Angelman syndrome occurs in approximately one in 15,000 live births. This rare disorder is classified as both a neurological and a genetic disorder. This complex condition mostly affects the patient’s nervous system and causes an array of symptoms. Between six to 12 months old, the developmental delays usually start to become noticeable. Those with this condition often laugh and smile frequently and have excitable and happy personalities.
On chromosome 15, there is a specific gene that when defective leads to Angelman syndrome. The gene is called the UBE3A gene, or ubiquitin protein ligase E3A. People get pairs of genes from both of their parents. This includes a paternal one from the father and a maternal one from the mother. Under normal circumstances, the cells use information from both maternal and paternal copies. However, for a few genes, there is only a single active copy.
In the brain, the UBE3A maternal copy of this gene is active. In most people with this syndrome, the maternal copy of this gene is either damaged or missing. However, there are a few cases where instead of getting a copy of this gene from each parent, the person inherits two paternal copies of it, resulting in Angelman syndrome.
Researchers do not yet know why the genetic changes happen that cause this condition. In most cases, those with this syndrome do not have a family history of it. However, if someone does have a family history of this disorder, researchers believe that any children that they have are at an increased risk of developing it.
1. Speech Delay
Significant communication difficulties and developmental delays are possible with this condition. In terms of speech delay, some children may not speak at all, while others will say limited words. In most cases, patients will only be able to say a few words. Children may have difficulty both expressing their thoughts and understanding what is being communicated to them. They might only be able to communicate by using facial expressions. While expressive language is typically impaired among those with this disorder, their receptive language might be more advanced. The issues with speech and communication might play into the child experiencing learning difficulties.

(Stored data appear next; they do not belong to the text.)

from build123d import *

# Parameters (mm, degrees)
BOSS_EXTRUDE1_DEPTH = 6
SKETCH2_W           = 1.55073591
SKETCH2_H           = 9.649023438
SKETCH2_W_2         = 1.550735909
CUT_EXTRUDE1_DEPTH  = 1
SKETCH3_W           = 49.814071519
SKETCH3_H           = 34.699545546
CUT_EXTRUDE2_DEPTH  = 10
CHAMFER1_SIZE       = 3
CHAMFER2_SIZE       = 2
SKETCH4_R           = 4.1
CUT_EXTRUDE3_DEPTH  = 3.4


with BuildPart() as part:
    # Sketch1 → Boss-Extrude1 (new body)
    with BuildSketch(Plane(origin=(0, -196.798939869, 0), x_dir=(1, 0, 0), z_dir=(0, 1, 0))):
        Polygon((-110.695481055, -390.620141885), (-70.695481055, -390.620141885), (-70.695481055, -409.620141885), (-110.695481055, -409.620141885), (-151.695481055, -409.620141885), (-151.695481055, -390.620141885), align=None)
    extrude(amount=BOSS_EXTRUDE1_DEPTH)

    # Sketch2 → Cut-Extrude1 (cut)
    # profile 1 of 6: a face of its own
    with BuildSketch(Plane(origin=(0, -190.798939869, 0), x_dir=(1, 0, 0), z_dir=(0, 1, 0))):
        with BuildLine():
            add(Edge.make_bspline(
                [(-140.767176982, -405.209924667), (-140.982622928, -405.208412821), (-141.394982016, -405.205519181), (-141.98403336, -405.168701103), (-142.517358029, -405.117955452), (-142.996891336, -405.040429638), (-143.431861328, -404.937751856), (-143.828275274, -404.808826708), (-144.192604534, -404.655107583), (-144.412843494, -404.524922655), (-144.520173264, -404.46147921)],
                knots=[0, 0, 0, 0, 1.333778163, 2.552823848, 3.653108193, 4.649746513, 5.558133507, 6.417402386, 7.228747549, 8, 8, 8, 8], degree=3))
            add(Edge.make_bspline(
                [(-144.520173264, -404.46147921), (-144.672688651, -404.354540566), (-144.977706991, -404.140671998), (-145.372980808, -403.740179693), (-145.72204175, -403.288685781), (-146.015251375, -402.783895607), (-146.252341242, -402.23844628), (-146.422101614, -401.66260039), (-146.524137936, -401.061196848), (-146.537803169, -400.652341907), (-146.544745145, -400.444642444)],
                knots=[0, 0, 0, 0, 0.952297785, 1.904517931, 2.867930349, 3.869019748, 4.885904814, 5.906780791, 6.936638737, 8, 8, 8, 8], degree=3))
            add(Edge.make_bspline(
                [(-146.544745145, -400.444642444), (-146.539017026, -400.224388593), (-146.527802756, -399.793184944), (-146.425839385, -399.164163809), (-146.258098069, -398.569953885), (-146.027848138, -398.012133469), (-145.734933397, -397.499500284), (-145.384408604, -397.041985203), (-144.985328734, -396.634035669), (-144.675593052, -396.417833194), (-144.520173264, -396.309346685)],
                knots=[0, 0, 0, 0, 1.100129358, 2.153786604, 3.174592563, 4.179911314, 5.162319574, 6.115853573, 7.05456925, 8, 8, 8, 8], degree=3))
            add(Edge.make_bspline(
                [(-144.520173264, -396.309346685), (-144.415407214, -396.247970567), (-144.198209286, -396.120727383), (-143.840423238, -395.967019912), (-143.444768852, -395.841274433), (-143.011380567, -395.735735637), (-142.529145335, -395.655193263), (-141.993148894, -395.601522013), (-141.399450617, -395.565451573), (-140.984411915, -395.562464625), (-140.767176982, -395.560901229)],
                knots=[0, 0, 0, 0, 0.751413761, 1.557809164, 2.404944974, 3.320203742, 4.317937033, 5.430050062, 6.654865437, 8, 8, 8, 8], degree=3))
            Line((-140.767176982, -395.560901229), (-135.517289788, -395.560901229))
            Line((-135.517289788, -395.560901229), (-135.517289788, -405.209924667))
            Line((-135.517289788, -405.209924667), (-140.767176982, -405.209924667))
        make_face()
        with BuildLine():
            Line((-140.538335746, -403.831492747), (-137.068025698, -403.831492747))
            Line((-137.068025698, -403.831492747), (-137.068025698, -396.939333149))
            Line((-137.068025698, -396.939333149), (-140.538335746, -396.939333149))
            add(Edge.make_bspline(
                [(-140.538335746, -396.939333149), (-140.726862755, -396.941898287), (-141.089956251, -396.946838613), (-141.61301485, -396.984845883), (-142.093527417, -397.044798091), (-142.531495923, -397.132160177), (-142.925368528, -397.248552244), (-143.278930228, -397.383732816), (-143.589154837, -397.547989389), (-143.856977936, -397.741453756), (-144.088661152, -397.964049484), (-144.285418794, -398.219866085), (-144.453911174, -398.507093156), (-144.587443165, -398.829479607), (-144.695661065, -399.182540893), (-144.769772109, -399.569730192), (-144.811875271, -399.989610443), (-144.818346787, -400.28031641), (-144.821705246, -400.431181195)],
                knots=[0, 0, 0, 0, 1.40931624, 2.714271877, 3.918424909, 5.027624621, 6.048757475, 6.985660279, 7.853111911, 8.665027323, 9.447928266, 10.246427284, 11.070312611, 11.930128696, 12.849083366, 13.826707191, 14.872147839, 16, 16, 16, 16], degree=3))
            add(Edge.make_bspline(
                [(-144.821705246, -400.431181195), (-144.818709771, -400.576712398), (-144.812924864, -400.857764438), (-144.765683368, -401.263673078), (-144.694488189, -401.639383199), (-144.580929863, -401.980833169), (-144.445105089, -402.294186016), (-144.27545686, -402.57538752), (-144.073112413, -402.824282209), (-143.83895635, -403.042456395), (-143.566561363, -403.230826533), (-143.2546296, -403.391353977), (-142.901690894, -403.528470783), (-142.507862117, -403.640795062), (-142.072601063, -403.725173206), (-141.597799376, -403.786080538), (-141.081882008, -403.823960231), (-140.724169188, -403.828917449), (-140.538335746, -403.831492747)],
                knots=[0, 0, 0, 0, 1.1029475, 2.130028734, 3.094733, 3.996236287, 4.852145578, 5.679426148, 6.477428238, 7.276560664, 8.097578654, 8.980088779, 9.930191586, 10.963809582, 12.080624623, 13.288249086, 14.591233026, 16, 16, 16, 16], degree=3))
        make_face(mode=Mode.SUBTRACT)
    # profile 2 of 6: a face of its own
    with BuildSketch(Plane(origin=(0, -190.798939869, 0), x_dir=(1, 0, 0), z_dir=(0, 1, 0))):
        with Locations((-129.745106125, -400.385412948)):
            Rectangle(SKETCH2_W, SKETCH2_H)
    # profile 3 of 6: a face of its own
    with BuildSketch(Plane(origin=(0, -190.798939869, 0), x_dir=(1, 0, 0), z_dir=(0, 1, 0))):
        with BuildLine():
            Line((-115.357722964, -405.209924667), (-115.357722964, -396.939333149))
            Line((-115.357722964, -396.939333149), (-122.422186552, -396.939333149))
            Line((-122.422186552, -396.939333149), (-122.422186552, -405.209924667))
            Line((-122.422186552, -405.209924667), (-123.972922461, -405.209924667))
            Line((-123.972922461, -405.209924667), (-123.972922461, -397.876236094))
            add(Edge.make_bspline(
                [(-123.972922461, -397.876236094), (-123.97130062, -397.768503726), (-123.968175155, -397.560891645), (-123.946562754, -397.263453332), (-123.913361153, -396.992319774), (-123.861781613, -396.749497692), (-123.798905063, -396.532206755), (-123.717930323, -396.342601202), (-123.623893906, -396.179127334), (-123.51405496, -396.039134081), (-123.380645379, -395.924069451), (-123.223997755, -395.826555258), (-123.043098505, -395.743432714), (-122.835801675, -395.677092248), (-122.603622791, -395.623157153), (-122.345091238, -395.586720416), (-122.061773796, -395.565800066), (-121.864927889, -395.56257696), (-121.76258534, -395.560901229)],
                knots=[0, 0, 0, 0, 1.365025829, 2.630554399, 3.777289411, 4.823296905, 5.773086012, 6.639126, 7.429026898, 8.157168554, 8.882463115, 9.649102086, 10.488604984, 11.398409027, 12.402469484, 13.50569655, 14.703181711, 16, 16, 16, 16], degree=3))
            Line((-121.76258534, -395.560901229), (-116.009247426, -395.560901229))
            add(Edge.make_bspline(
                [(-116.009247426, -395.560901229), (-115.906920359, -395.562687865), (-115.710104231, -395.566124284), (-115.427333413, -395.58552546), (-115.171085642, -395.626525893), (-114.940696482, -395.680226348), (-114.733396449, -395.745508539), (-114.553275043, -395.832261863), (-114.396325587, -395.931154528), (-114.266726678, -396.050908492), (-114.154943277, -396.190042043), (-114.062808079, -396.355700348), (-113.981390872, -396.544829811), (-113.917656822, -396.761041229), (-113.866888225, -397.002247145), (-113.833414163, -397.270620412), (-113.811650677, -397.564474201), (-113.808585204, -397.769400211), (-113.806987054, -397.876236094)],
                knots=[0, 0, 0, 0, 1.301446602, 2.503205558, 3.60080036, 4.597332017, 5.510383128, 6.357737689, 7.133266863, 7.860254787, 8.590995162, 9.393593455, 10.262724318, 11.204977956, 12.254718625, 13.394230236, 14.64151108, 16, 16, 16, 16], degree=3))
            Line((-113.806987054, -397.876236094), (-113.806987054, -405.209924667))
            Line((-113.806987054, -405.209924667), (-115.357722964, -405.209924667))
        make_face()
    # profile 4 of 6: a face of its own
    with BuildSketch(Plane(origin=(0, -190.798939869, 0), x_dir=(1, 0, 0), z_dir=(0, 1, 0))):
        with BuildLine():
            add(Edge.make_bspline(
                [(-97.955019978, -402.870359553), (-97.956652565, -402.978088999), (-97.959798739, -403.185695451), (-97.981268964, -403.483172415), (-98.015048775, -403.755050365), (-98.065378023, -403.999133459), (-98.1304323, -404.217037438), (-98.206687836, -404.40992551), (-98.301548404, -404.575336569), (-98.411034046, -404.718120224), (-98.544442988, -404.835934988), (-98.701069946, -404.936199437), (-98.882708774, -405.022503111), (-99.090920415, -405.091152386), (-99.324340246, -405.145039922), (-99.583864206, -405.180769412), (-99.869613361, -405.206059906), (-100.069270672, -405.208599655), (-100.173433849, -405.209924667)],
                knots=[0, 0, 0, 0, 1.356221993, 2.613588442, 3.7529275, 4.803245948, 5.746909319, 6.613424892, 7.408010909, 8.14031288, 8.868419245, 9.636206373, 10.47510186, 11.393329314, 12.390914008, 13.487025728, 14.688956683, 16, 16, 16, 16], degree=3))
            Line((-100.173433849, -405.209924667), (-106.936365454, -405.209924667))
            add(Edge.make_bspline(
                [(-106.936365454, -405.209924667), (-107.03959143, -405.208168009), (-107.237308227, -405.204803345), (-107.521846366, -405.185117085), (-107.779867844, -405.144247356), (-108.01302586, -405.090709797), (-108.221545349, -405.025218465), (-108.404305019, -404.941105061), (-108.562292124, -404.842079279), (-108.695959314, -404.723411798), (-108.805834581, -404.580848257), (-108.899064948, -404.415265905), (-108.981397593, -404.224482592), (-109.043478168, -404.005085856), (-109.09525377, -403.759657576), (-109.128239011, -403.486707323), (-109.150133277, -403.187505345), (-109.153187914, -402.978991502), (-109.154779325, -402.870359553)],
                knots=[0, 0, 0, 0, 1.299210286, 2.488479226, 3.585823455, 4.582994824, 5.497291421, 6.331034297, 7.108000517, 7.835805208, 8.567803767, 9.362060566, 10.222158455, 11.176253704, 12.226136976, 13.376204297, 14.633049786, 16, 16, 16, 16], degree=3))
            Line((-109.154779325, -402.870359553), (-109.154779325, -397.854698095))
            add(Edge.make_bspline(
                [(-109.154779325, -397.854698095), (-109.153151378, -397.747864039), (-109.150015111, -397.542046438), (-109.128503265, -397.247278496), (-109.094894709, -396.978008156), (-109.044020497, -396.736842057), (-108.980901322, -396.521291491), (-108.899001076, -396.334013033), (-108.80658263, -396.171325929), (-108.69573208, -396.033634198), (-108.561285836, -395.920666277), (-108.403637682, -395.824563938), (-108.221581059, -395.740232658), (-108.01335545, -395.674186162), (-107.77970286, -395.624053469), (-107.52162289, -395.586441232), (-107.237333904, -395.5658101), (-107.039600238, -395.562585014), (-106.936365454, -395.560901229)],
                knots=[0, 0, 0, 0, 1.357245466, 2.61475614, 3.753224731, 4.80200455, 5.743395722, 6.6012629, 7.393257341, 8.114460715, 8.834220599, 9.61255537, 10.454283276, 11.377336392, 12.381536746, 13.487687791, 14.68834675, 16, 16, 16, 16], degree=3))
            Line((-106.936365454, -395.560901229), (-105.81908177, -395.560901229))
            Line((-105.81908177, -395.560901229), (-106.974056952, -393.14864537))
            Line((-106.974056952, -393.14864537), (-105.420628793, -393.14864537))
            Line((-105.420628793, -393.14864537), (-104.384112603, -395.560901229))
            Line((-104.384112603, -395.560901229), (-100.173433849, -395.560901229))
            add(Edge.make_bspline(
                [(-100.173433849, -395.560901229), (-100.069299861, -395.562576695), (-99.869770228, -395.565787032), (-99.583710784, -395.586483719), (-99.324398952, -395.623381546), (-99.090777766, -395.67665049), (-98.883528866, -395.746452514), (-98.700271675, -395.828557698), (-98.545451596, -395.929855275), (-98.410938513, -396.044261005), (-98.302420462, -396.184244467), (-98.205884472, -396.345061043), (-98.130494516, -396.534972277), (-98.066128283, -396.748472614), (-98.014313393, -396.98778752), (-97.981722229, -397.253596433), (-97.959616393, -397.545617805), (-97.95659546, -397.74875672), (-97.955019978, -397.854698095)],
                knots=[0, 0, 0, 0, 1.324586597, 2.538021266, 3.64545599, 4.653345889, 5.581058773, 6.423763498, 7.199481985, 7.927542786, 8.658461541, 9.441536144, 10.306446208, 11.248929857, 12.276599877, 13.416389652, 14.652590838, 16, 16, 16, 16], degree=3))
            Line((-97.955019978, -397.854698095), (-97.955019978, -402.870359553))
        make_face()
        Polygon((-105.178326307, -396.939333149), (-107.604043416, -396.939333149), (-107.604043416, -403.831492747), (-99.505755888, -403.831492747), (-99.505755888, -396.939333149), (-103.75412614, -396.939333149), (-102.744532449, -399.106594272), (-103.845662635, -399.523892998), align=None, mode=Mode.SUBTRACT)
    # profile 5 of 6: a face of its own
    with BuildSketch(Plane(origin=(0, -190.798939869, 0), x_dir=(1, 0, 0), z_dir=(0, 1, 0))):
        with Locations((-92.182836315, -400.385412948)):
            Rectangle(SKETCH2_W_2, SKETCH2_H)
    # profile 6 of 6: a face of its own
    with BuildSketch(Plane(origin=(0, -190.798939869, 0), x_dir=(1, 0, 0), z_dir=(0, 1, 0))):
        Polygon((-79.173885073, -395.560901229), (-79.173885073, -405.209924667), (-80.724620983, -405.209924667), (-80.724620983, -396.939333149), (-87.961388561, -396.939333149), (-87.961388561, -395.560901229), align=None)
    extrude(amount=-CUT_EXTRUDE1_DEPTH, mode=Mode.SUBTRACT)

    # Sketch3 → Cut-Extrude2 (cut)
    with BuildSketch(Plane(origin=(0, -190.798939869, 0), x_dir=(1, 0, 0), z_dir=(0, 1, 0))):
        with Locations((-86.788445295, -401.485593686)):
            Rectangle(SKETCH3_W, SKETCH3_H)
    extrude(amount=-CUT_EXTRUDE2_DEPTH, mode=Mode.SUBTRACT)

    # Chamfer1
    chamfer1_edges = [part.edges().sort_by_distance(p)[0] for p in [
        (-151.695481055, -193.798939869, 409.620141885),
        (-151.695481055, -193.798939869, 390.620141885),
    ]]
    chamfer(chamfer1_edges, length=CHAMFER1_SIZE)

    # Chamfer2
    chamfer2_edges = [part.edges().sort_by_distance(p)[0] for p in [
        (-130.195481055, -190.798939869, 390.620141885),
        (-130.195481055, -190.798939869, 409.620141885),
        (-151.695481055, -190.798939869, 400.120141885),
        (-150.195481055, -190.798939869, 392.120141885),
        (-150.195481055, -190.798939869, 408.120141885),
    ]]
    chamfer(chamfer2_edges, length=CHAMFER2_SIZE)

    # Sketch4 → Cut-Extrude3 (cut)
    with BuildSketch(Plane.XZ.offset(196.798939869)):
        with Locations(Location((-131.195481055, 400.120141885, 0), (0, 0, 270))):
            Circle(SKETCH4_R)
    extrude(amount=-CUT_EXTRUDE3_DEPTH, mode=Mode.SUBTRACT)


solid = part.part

When patients with Angelman syndrome are experiencing speech difficulties, there are possible interventions that could potentially aid them in communicating more clearly. It is generally recommended that parents take advantage of early intervention and get started with these methods as soon as possible with their child. Due to the significant limitations in verbal speech, interventions generally focus on alternative and augmentative communication. Children utilizing this type of therapy may learn to communicate more effectively using aided communication, such as voice output communication aids or picture communication symbols. They might also learn unaided communication forms, such as gestures, eye gaze, manual signs and finger spelling.